GOAL OF THE EXERCISE -> Report every line of the data that includes "dimension".

### INPUT RECORDS

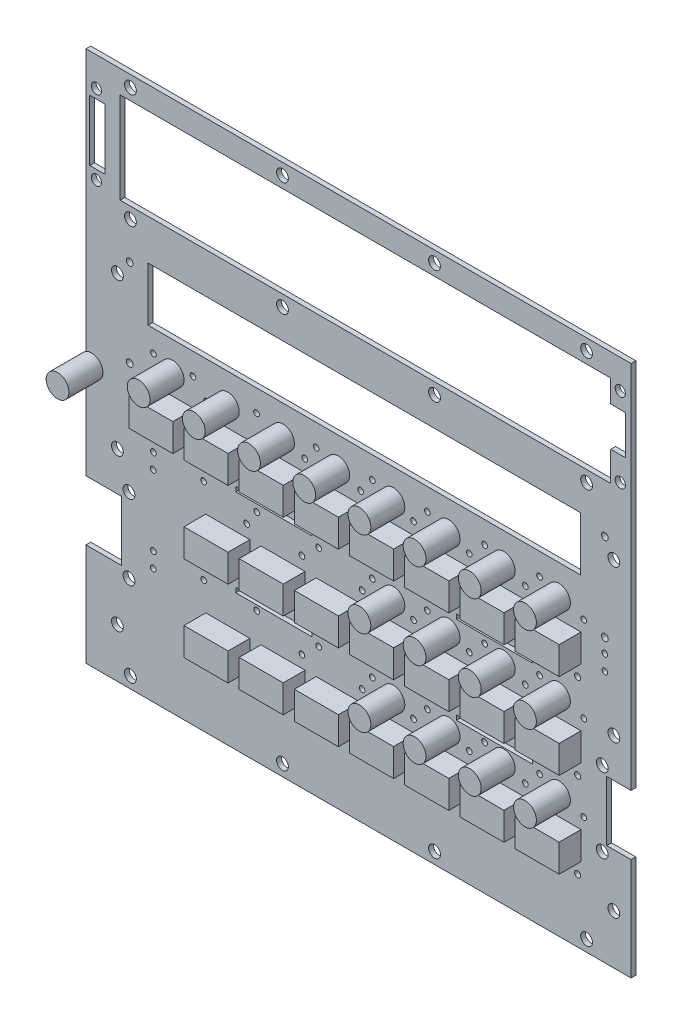
SolidWorks part; units mm, degrees
ref_plane "Front Plane" through (0, 0, 0) normal (0, 0, 1) x (1, 0, 0)
ref_plane "Top Plane" through (0, 0, 0) normal (0, 1, 0) x (1, 0, 0)
ref_plane "Right Plane" through (0, 0, 0) normal (1, 0, 0) x (0, 0, -1)
sketch "Sketch1" plane through (0, 0, 0) normal (0, 0, 1) x (1, 0, 0)
  line L0 (0, 0) -> (182.118, 0)
  line L1 (182.118, 0) -> (182.118, 34.2468)
  line L2 (182.118, 34.2468) -> (173.9875, 34.2468)
  line L3 (173.9875, 34.2468) -> (173.9875, 54.2468)
  line L4 (173.9875, 54.2468) -> (182.118, 54.2468)
  line L5 (182.118, 54.2468) -> (182.118, 177.8)
  line L6 (182.118, 177.8) -> (0, 177.8)
  line L7 (0, 177.8) -> (0, 54.2468)
  line L8 (0, 54.2468) -> (11.8694, 54.2468)
  line L9 (11.8694, 54.2468) -> (11.8694, 34.2468)
  line L10 (11.8694, 34.2468) -> (0, 34.2468)
  line L11 (0, 34.2468) -> (0, 0)
  line L12 (20.7391, 108.1786) -> (20.7391, 126.1796)
  line L13 (20.7391, 126.1796) -> (165.3007, 126.1796)
  line L14 (165.3007, 126.1796) -> (165.3007, 108.1786)
  line L15 (165.3007, 108.1786) -> (20.7391, 108.1786)
  line L16 (1.27, 144.653) -> (1.27, 164.973)
  line L17 (1.27, 164.973) -> (6.35, 164.973)
  line L18 (6.35, 164.973) -> (6.35, 144.653)
  line L19 (6.35, 144.653) -> (1.27, 144.653)
  line L20 (12.7, 170.18) -> (175.26, 170.18)
  line L21 (175.26, 170.18) -> (175.26, 162.6616)
  line L22 (175.26, 162.6616) -> (180.086, 162.6616)
  line L23 (180.086, 162.6616) -> (180.2892, 162.4584)
  line L24 (180.2892, 162.4584) -> (180.2892, 149.606)
  line L25 (180.2892, 149.606) -> (175.3616, 149.606)
  line L26 (175.3616, 149.606) -> (175.26, 149.5044)
  line L27 (175.26, 149.5044) -> (175.26, 139.7)
  line L28 (175.26, 139.7) -> (12.7, 139.7)
  line L29 (12.7, 139.7) -> (11.43, 139.7)
  line L30 (11.43, 139.7) -> (11.43, 170.18)
  line L31 (11.43, 170.18) -> (12.7, 170.18)
  line L32 (50.0634, 45.4152) -> (50.0634, 47.0027)
  line L33 (50.0634, 47.0027) -> (75.4634, 47.0027)
  line L34 (75.4634, 47.0027) -> (75.4634, 45.4152)
  line L35 (75.4634, 45.4152) -> (50.0634, 45.4152)
  line L36 (123.8134, 45.4152) -> (123.8134, 47.0027)
  line L37 (123.8134, 47.0027) -> (149.2134, 47.0027)
  line L38 (149.2134, 47.0027) -> (149.2134, 45.4152)
  line L39 (149.2134, 45.4152) -> (123.8134, 45.4152)
  line L40 (123.8134, 74.6252) -> (123.8134, 76.2127)
  line L41 (123.8134, 76.2127) -> (149.2134, 76.2127)
  line L42 (149.2134, 76.2127) -> (149.2134, 74.6252)
  line L43 (149.2134, 74.6252) -> (123.8134, 74.6252)
  line L44 (50.0634, 74.6252) -> (50.0634, 76.2127)
  line L45 (50.0634, 76.2127) -> (75.4634, 76.2127)
  line L46 (75.4634, 76.2127) -> (75.4634, 74.6252)
  line L47 (75.4634, 74.6252) -> (50.0634, 74.6252)
extrude "BOARD" add sketch "Sketch1" along normal blind 1.5921 separate body
ref_plane "Plane1" through (0, 0, 1.5921) normal (0, 0, 1) x (1, 0, 0)
sketch "Sketch2" plane through (0, 0, 1.5921) normal (0, 0, 1) x (1, 0, 0)
  circle A0 centre (1.8694, 86.9188) radius 3.81
extrude "LED-KINGBRIGHT_3P_2P54-1" add sketch "Sketch2" along normal blind 11.3538 separate body
sketch "Sketch3" plane through (0, 0, 1.5921) normal (0, 0, 1) x (1, 0, 0)
  circle A0 centre (158.0312, 41.1988) radius 3.81
extrude "LED-KINGBRIGHT_3P_2P54-2" add sketch "Sketch3" along normal blind 11.3538 separate body
sketch "Sketch4" plane through (0, 0, 1.5921) normal (0, 0, 1) x (1, 0, 0)
  circle A0 centre (139.5937, 41.1988) radius 3.81
extrude "LED-KINGBRIGHT_3P_2P54-3" add sketch "Sketch4" along normal blind 11.3538 separate body
sketch "Sketch5" plane through (0, 0, 1.5921) normal (0, 0, 1) x (1, 0, 0)
  circle A0 centre (121.1562, 41.1988) radius 3.81
extrude "LED-KINGBRIGHT_3P_2P54-4" add sketch "Sketch5" along normal blind 11.3538 separate body
sketch "Sketch6" plane through (0, 0, 1.5921) normal (0, 0, 1) x (1, 0, 0)
  circle A0 centre (102.7187, 41.1988) radius 3.81
extrude "LED-KINGBRIGHT_3P_2P54-5" add sketch "Sketch6" along normal blind 11.3538 separate body
sketch "Sketch7" plane through (0, 0, 1.5921) normal (0, 0, 1) x (1, 0, 0)
  circle A0 centre (158.0312, 69.7738) radius 3.81
extrude "LED-KINGBRIGHT_3P_2P54-6" add sketch "Sketch7" along normal blind 11.3538 separate body
sketch "Sketch8" plane through (0, 0, 1.5921) normal (0, 0, 1) x (1, 0, 0)
  circle A0 centre (139.5937, 69.7738) radius 3.81
extrude "LED-KINGBRIGHT_3P_2P54-7" add sketch "Sketch8" along normal blind 11.3538 separate body
sketch "Sketch9" plane through (0, 0, 1.5921) normal (0, 0, 1) x (1, 0, 0)
  circle A0 centre (121.1562, 69.7738) radius 3.81
extrude "LED-KINGBRIGHT_3P_2P54-8" add sketch "Sketch9" along normal blind 11.3538 separate body
sketch "Sketch10" plane through (0, 0, 1.5921) normal (0, 0, 1) x (1, 0, 0)
  circle A0 centre (102.7187, 69.7738) radius 3.81
extrude "LED-KINGBRIGHT_3P_2P54-9" add sketch "Sketch10" along normal blind 11.3538 separate body
sketch "Sketch19" plane through (0, 0, 1.5921) normal (0, 0, 1) x (1, 0, 0)
  circle A0 centre (158.0312, 98.3488) radius 3.81
extrude "LED-KINGBRIGHT_3P_2P54-18" add sketch "Sketch19" along normal blind 11.3538 separate body
sketch "Sketch20" plane through (0, 0, 1.5921) normal (0, 0, 1) x (1, 0, 0)
  circle A0 centre (139.5937, 98.3488) radius 3.81
extrude "LED-KINGBRIGHT_3P_2P54-19" add sketch "Sketch20" along normal blind 11.3538 separate body
sketch "Sketch21" plane through (0, 0, 1.5921) normal (0, 0, 1) x (1, 0, 0)
  circle A0 centre (121.1562, 98.3488) radius 3.81
extrude "LED-KINGBRIGHT_3P_2P54-20" add sketch "Sketch21" along normal blind 11.3538 separate body
sketch "Sketch22" plane through (0, 0, 1.5921) normal (0, 0, 1) x (1, 0, 0)
  circle A0 centre (102.7187, 98.3488) radius 3.81
extrude "LED-KINGBRIGHT_3P_2P54-21" add sketch "Sketch22" along normal blind 11.3538 separate body
sketch "Sketch23" plane through (0, 0, 1.5921) normal (0, 0, 1) x (1, 0, 0)
  circle A0 centre (84.2812, 98.3488) radius 3.81
extrude "LED-KINGBRIGHT_3P_2P54-22" add sketch "Sketch23" along normal blind 11.3538 separate body
sketch "Sketch24" plane through (0, 0, 1.5921) normal (0, 0, 1) x (1, 0, 0)
  circle A0 centre (65.8437, 98.3488) radius 3.81
extrude "LED-KINGBRIGHT_3P_2P54-23" add sketch "Sketch24" along normal blind 11.3538 separate body
sketch "Sketch25" plane through (0, 0, 1.5921) normal (0, 0, 1) x (1, 0, 0)
  circle A0 centre (47.4062, 98.3488) radius 3.81
extrude "LED-KINGBRIGHT_3P_2P54-24" add sketch "Sketch25" along normal blind 11.3538 separate body
sketch "Sketch26" plane through (0, 0, 1.5921) normal (0, 0, 1) x (1, 0, 0)
  circle A0 centre (28.9687, 98.3488) radius 3.81
extrude "LED-KINGBRIGHT_3P_2P54-25" add sketch "Sketch26" along normal blind 11.3538 separate body
sketch "Sketch27" plane through (0, 0, 1.5921) normal (0, 0, 1) x (1, 0, 0)
  line L0 (150.6652, 25.3238) -> (150.6652, 34.5948)
  line L1 (150.6652, 34.5948) -> (165.3972, 34.5948)
  line L2 (165.3972, 34.5948) -> (165.3972, 25.3238)
  line L3 (165.3972, 25.3238) -> (150.6652, 25.3238)
extrude "SWITCH-MCDTS2-1" add sketch "Sketch27" along normal blind 7.3 separate body
sketch "Sketch28" plane through (0, 0, 1.5921) normal (0, 0, 1) x (1, 0, 0)
  line L0 (150.6652, 53.8988) -> (150.6652, 63.1698)
  line L1 (150.6652, 63.1698) -> (165.3972, 63.1698)
  line L2 (165.3972, 63.1698) -> (165.3972, 53.8988)
  line L3 (165.3972, 53.8988) -> (150.6652, 53.8988)
extrude "SWITCH-MCDTS2-2" add sketch "Sketch28" along normal blind 7.3 separate body
sketch "Sketch29" plane through (0, 0, 1.5921) normal (0, 0, 1) x (1, 0, 0)
  line L0 (132.2277, 25.3238) -> (132.2277, 34.5948)
  line L1 (132.2277, 34.5948) -> (146.9597, 34.5948)
  line L2 (146.9597, 34.5948) -> (146.9597, 25.3238)
  line L3 (146.9597, 25.3238) -> (132.2277, 25.3238)
extrude "SWITCH-MCDTS2-3" add sketch "Sketch29" along normal blind 7.3 separate body
sketch "Sketch30" plane through (0, 0, 1.5921) normal (0, 0, 1) x (1, 0, 0)
  line L0 (113.7902, 25.3238) -> (113.7902, 34.5948)
  line L1 (113.7902, 34.5948) -> (128.5222, 34.5948)
  line L2 (128.5222, 34.5948) -> (128.5222, 25.3238)
  line L3 (128.5222, 25.3238) -> (113.7902, 25.3238)
extrude "SWITCH-MCDTS2-4" add sketch "Sketch30" along normal blind 7.3 separate body
sketch "Sketch31" plane through (0, 0, 1.5921) normal (0, 0, 1) x (1, 0, 0)
  line L0 (95.3527, 25.3238) -> (95.3527, 34.5948)
  line L1 (95.3527, 34.5948) -> (110.0847, 34.5948)
  line L2 (110.0847, 34.5948) -> (110.0847, 25.3238)
  line L3 (110.0847, 25.3238) -> (95.3527, 25.3238)
extrude "SWITCH-MCDTS2-5" add sketch "Sketch31" along normal blind 7.3 separate body
sketch "Sketch32" plane through (0, 0, 1.5921) normal (0, 0, 1) x (1, 0, 0)
  line L0 (76.9152, 25.3238) -> (76.9152, 34.5948)
  line L1 (76.9152, 34.5948) -> (91.6472, 34.5948)
  line L2 (91.6472, 34.5948) -> (91.6472, 25.3238)
  line L3 (91.6472, 25.3238) -> (76.9152, 25.3238)
extrude "SWITCH-MCDTS2-6" add sketch "Sketch32" along normal blind 7.3 separate body
sketch "Sketch33" plane through (0, 0, 1.5921) normal (0, 0, 1) x (1, 0, 0)
  line L0 (58.4777, 25.3238) -> (58.4777, 34.5948)
  line L1 (58.4777, 34.5948) -> (73.2097, 34.5948)
  line L2 (73.2097, 34.5948) -> (73.2097, 25.3238)
  line L3 (73.2097, 25.3238) -> (58.4777, 25.3238)
extrude "SWITCH-MCDTS2-7" add sketch "Sketch33" along normal blind 7.3 separate body
sketch "Sketch34" plane through (0, 0, 1.5921) normal (0, 0, 1) x (1, 0, 0)
  line L0 (40.0402, 25.3238) -> (40.0402, 34.5948)
  line L1 (40.0402, 34.5948) -> (54.7722, 34.5948)
  line L2 (54.7722, 34.5948) -> (54.7722, 25.3238)
  line L3 (54.7722, 25.3238) -> (40.0402, 25.3238)
extrude "SWITCH-MCDTS2-8" add sketch "Sketch34" along normal blind 7.3 separate body
sketch "Sketch36" plane through (0, 0, 1.5921) normal (0, 0, 1) x (1, 0, 0)
  line L0 (132.2277, 53.8988) -> (132.2277, 63.1698)
  line L1 (132.2277, 63.1698) -> (146.9597, 63.1698)
  line L2 (146.9597, 63.1698) -> (146.9597, 53.8988)
  line L3 (146.9597, 53.8988) -> (132.2277, 53.8988)
extrude "SWITCH-MCDTS2-10" add sketch "Sketch36" along normal blind 7.3 separate body
sketch "Sketch37" plane through (0, 0, 1.5921) normal (0, 0, 1) x (1, 0, 0)
  line L0 (113.7902, 53.8988) -> (113.7902, 63.1698)
  line L1 (113.7902, 63.1698) -> (128.5222, 63.1698)
  line L2 (128.5222, 63.1698) -> (128.5222, 53.8988)
  line L3 (128.5222, 53.8988) -> (113.7902, 53.8988)
extrude "SWITCH-MCDTS2-11" add sketch "Sketch37" along normal blind 7.3 separate body
sketch "Sketch38" plane through (0, 0, 1.5921) normal (0, 0, 1) x (1, 0, 0)
  line L0 (95.3527, 53.8988) -> (95.3527, 63.1698)
  line L1 (95.3527, 63.1698) -> (110.0847, 63.1698)
  line L2 (110.0847, 63.1698) -> (110.0847, 53.8988)
  line L3 (110.0847, 53.8988) -> (95.3527, 53.8988)
extrude "SWITCH-MCDTS2-12" add sketch "Sketch38" along normal blind 7.3 separate body
sketch "Sketch39" plane through (0, 0, 1.5921) normal (0, 0, 1) x (1, 0, 0)
  line L0 (76.9152, 53.8988) -> (76.9152, 63.1698)
  line L1 (76.9152, 63.1698) -> (91.6472, 63.1698)
  line L2 (91.6472, 63.1698) -> (91.6472, 53.8988)
  line L3 (91.6472, 53.8988) -> (76.9152, 53.8988)
extrude "SWITCH-MCDTS2-13" add sketch "Sketch39" along normal blind 7.3 separate body
sketch "Sketch40" plane through (0, 0, 1.5921) normal (0, 0, 1) x (1, 0, 0)
  line L0 (58.4777, 53.8988) -> (58.4777, 63.1698)
  line L1 (58.4777, 63.1698) -> (73.2097, 63.1698)
  line L2 (73.2097, 63.1698) -> (73.2097, 53.8988)
  line L3 (73.2097, 53.8988) -> (58.4777, 53.8988)
extrude "SWITCH-MCDTS2-14" add sketch "Sketch40" along normal blind 7.3 separate body
sketch "Sketch41" plane through (0, 0, 1.5921) normal (0, 0, 1) x (1, 0, 0)
  line L0 (40.0402, 53.8988) -> (40.0402, 63.1698)
  line L1 (40.0402, 63.1698) -> (54.7722, 63.1698)
  line L2 (54.7722, 63.1698) -> (54.7722, 53.8988)
  line L3 (54.7722, 53.8988) -> (40.0402, 53.8988)
extrude "SWITCH-MCDTS2-15" add sketch "Sketch41" along normal blind 7.3 separate body
sketch "Sketch43" plane through (0, 0, 1.5921) normal (0, 0, 1) x (1, 0, 0)
  line L0 (150.6652, 82.4738) -> (150.6652, 91.7448)
  line L1 (150.6652, 91.7448) -> (165.3972, 91.7448)
  line L2 (165.3972, 91.7448) -> (165.3972, 82.4738)
  line L3 (165.3972, 82.4738) -> (150.6652, 82.4738)
extrude "SWITCH-MCDTS2-17" add sketch "Sketch43" along normal blind 7.3 separate body
sketch "Sketch44" plane through (0, 0, 1.5921) normal (0, 0, 1) x (1, 0, 0)
  line L0 (132.2277, 82.4738) -> (132.2277, 91.7448)
  line L1 (132.2277, 91.7448) -> (146.9597, 91.7448)
  line L2 (146.9597, 91.7448) -> (146.9597, 82.4738)
  line L3 (146.9597, 82.4738) -> (132.2277, 82.4738)
extrude "SWITCH-MCDTS2-18" add sketch "Sketch44" along normal blind 7.3 separate body
sketch "Sketch45" plane through (0, 0, 1.5921) normal (0, 0, 1) x (1, 0, 0)
  line L0 (113.7902, 82.4738) -> (113.7902, 91.7448)
  line L1 (113.7902, 91.7448) -> (128.5222, 91.7448)
  line L2 (128.5222, 91.7448) -> (128.5222, 82.4738)
  line L3 (128.5222, 82.4738) -> (113.7902, 82.4738)
extrude "SWITCH-MCDTS2-19" add sketch "Sketch45" along normal blind 7.3 separate body
sketch "Sketch46" plane through (0, 0, 1.5921) normal (0, 0, 1) x (1, 0, 0)
  line L0 (95.3527, 82.4738) -> (95.3527, 91.7448)
  line L1 (95.3527, 91.7448) -> (110.0847, 91.7448)
  line L2 (110.0847, 91.7448) -> (110.0847, 82.4738)
  line L3 (110.0847, 82.4738) -> (95.3527, 82.4738)
extrude "SWITCH-MCDTS2-20" add sketch "Sketch46" along normal blind 7.3 separate body
sketch "Sketch47" plane through (0, 0, 1.5921) normal (0, 0, 1) x (1, 0, 0)
  line L0 (76.9152, 82.4738) -> (76.9152, 91.7448)
  line L1 (76.9152, 91.7448) -> (91.6472, 91.7448)
  line L2 (91.6472, 91.7448) -> (91.6472, 82.4738)
  line L3 (91.6472, 82.4738) -> (76.9152, 82.4738)
extrude "SWITCH-MCDTS2-21" add sketch "Sketch47" along normal blind 7.3 separate body
sketch "Sketch48" plane through (0, 0, 1.5921) normal (0, 0, 1) x (1, 0, 0)
  line L0 (58.4777, 82.4738) -> (58.4777, 91.7448)
  line L1 (58.4777, 91.7448) -> (73.2097, 91.7448)
  line L2 (73.2097, 91.7448) -> (73.2097, 82.4738)
  line L3 (73.2097, 82.4738) -> (58.4777, 82.4738)
extrude "SWITCH-MCDTS2-22" add sketch "Sketch48" along normal blind 7.3 separate body
sketch "Sketch49" plane through (0, 0, 1.5921) normal (0, 0, 1) x (1, 0, 0)
  line L0 (40.0402, 82.4738) -> (40.0402, 91.7448)
  line L1 (40.0402, 91.7448) -> (54.7722, 91.7448)
  line L2 (54.7722, 91.7448) -> (54.7722, 82.4738)
  line L3 (54.7722, 82.4738) -> (40.0402, 82.4738)
extrude "SWITCH-MCDTS2-23" add sketch "Sketch49" along normal blind 7.3 separate body
sketch "Sketch50" plane through (0, 0, 1.5921) normal (0, 0, 1) x (1, 0, 0)
  line L0 (21.6027, 82.4738) -> (21.6027, 91.7448)
  line L1 (21.6027, 91.7448) -> (36.3347, 91.7448)
  line L2 (36.3347, 91.7448) -> (36.3347, 82.4738)
  line L3 (36.3347, 82.4738) -> (21.6027, 82.4738)
extrude "SWITCH-MCDTS2-24" add sketch "Sketch50" along normal blind 7.3 separate body
sketch "Sketch52" plane through (0, 0, 1.5921) normal (0, 0, 1) x (1, 0, 0)
  line L0 (0, 34.2468) -> (0, 0) construction
  line L1 (0, 0) -> (182.118, 0) construction
  circle B0 centre (164.2745, 21.1074) radius 1.016
  circle B1 centre (164.2745, 49.6824) radius 1.016
  circle B2 centre (145.8341, 21.8186) radius 0.9652
  circle B3 centre (127.4191, 21.6154) radius 0.9652
  circle B4 centre (108.9787, 21.7424) radius 0.9652
  circle B5 centre (90.5383, 21.844) radius 0.9652
  circle B6 centre (72.0979, 20.7772) radius 0.9652
  circle B7 centre (53.6575, 21.1582) radius 0.9652
  circle B8 centre (35.2187, 21.1328) radius 1.016
  circle B9 centre (145.8341, 49.5554) radius 1.016
  circle B10 centre (127.3937, 49.3522) radius 1.016
  circle B11 centre (108.9533, 49.1236) radius 1.016
  circle B12 centre (90.5129, 49.6824) radius 1.016
  circle B13 centre (72.0725, 49.1998) radius 1.016
  circle B14 centre (53.6321, 49.1998) radius 1.016
  circle B15 centre (35.1917, 49.276) radius 1.016
  circle B16 centre (164.2745, 78.2574) radius 1.016
  circle B17 centre (145.8341, 77.7748) radius 1.016
  circle B18 centre (127.3175, 78.3336) radius 1.016
  circle B19 centre (108.9533, 78.74) radius 1.016
  circle B20 centre (90.5129, 78.3336) radius 1.016
  circle B21 centre (72.0725, 78.2574) radius 1.016
  circle B22 centre (53.6321, 78.4098) radius 1.016
  circle B23 centre (35.1917, 78.0542) radius 1.016
  circle B24 centre (92.2655, 38.6588) radius 0.9525
  circle B25 centre (77.7367, 43.7388) radius 0.9525
  circle B26 centre (72.1487, 38.6588) radius 0.9525
  circle B27 centre (57.0611, 43.7388) radius 0.9525
  circle B28 centre (39.3065, 43.7388) radius 0.9525
  circle B29 centre (22.4663, 38.6588) radius 0.9525
  circle B30 centre (22.5425, 43.7388) radius 0.9525
  circle B31 centre (77.7367, 72.3138) radius 0.9525
  circle B32 centre (92.2655, 67.2338) radius 0.9525
  circle B33 centre (72.1487, 67.2338) radius 0.9525
  circle B34 centre (57.0611, 72.3138) radius 0.9525
  circle B35 centre (53.7083, 67.2338) radius 0.9525
  circle B36 centre (39.3065, 72.3138) radius 0.9525
  circle B37 centre (22.4663, 67.2338) radius 0.9525
  circle B38 centre (22.5425, 72.3138) radius 0.9525
  circle B39 centre (166.3065, 95.8088) radius 0.9525
  circle B40 centre (151.5491, 100.8888) radius 0.9525
  circle B41 centre (146.7993, 95.8088) radius 0.9525
  circle B42 centre (133.1849, 100.8888) radius 0.9525
  circle B43 centre (114.0587, 100.8888) radius 0.9525
  circle B44 centre (128.0795, 95.8088) radius 0.9525
  circle B45 centre (109.4359, 95.8088) radius 0.9525
  circle B46 centre (95.6691, 100.8888) radius 0.9525
  circle B47 centre (91.7575, 95.8088) radius 0.9525
  circle B48 centre (76.9493, 100.8888) radius 0.9525
  circle B49 centre (73.1139, 95.8088) radius 0.9525
  circle B50 centre (56.9849, 100.8888) radius 0.9525
  circle B51 centre (40.2971, 95.8088) radius 0.9525
  circle B52 centre (35.7505, 100.8888) radius 0.9525
  circle B53 centre (24.7777, 95.8088) radius 0.9525
  circle B54 centre (22.5425, 100.8888) radius 0.9525
  circle B55 centre (133.1849, 72.3138) radius 0.9525
  circle B56 centre (146.7993, 67.2338) radius 0.9525
  circle B57 centre (114.0587, 72.3138) radius 0.9525
  circle B58 centre (128.0795, 67.2338) radius 0.9525
  circle B59 centre (95.6691, 72.3138) radius 0.9525
  circle B60 centre (109.4359, 67.2338) radius 0.9525
  circle B61 centre (151.5491, 43.7388) radius 0.9525
  circle B62 centre (133.1849, 43.7388) radius 0.9525
  circle B63 centre (114.0587, 43.7388) radius 0.9525
  circle B64 centre (95.6691, 43.7388) radius 0.9525
  circle B65 centre (109.4359, 38.6588) radius 0.9525
  circle B66 centre (151.5491, 72.3138) radius 0.9525
  circle B67 centre (166.3065, 67.2338) radius 0.9525
  circle B68 centre (173.3296, 89.4588) radius 0.9525
  circle B69 centre (173.355, 84.3534) radius 0.9525
  circle B70 centre (176.3725, 118.11) radius 1.9685
  circle B71 centre (176.3725, 67.31) radius 1.9685
  circle B72 centre (176.3725, 16.51) radius 1.9685
  circle B73 centre (167.259, 135.89) radius 1.9685
  circle B74 centre (116.459, 135.89) radius 1.9685
  circle B75 centre (65.659, 135.89) radius 1.9685
  circle B76 centre (14.859, 135.89) radius 1.9685
  circle B77 centre (10.5105, 118.11) radius 1.9685
  circle B78 centre (10.5105, 67.31) radius 1.9685
  circle B79 centre (10.5105, 16.51) radius 1.9685
  circle B80 centre (166.3065, 38.6588) radius 0.9525
  circle B81 centre (146.7993, 38.6588) radius 0.9525
  circle B82 centre (128.0795, 38.6588) radius 0.9525
  circle B83 centre (14.859, 173.99) radius 1.9685
  circle B84 centre (65.659, 173.99) radius 1.9685
  circle B85 centre (116.459, 173.99) radius 1.9685
  circle B86 centre (167.259, 173.99) radius 1.9685
  circle B87 centre (167.259, 3.81) radius 1.9685
  circle B88 centre (116.459, 3.81) radius 1.9685
  circle B89 centre (65.659, 3.81) radius 1.9685
  circle B90 centre (14.859, 3.81) radius 1.9685
  circle B91 centre (172.5066, 56.7436) radius 1.9685
  circle B92 centre (172.5066, 31.75) radius 1.9685
  circle B93 centre (14.3688, 56.7436) radius 1.9685
  circle B94 centre (14.3688, 31.75) radius 1.9685
  circle B95 centre (173.3575, 123.3754) radius 1.1303
  circle B96 centre (173.3575, 94.1654) radius 1.1303
  circle B97 centre (14.6075, 94.1654) radius 1.1303
  circle B98 centre (14.6075, 123.3754) radius 1.1303
  circle B99 centre (178.5137, 141.5618) radius 1.7145
  circle B100 centre (178.5137, 168.0616) radius 1.7145
  circle B101 centre (3.5001, 168.0616) radius 1.7145
  circle B102 centre (3.5001, 141.5618) radius 1.7145
  dimension "D1" = 14.859
  dimension "D2" = 3.81
sketch_block_instance "Block9-1"
sketch_block "Block1"
extrude "Cut-Extrude1" cut sketch "Sketch52" against normal blind 12.7

######

ANSWER BOX ->
  dimension "D1" = 14.859
  dimension "D2" = 3.81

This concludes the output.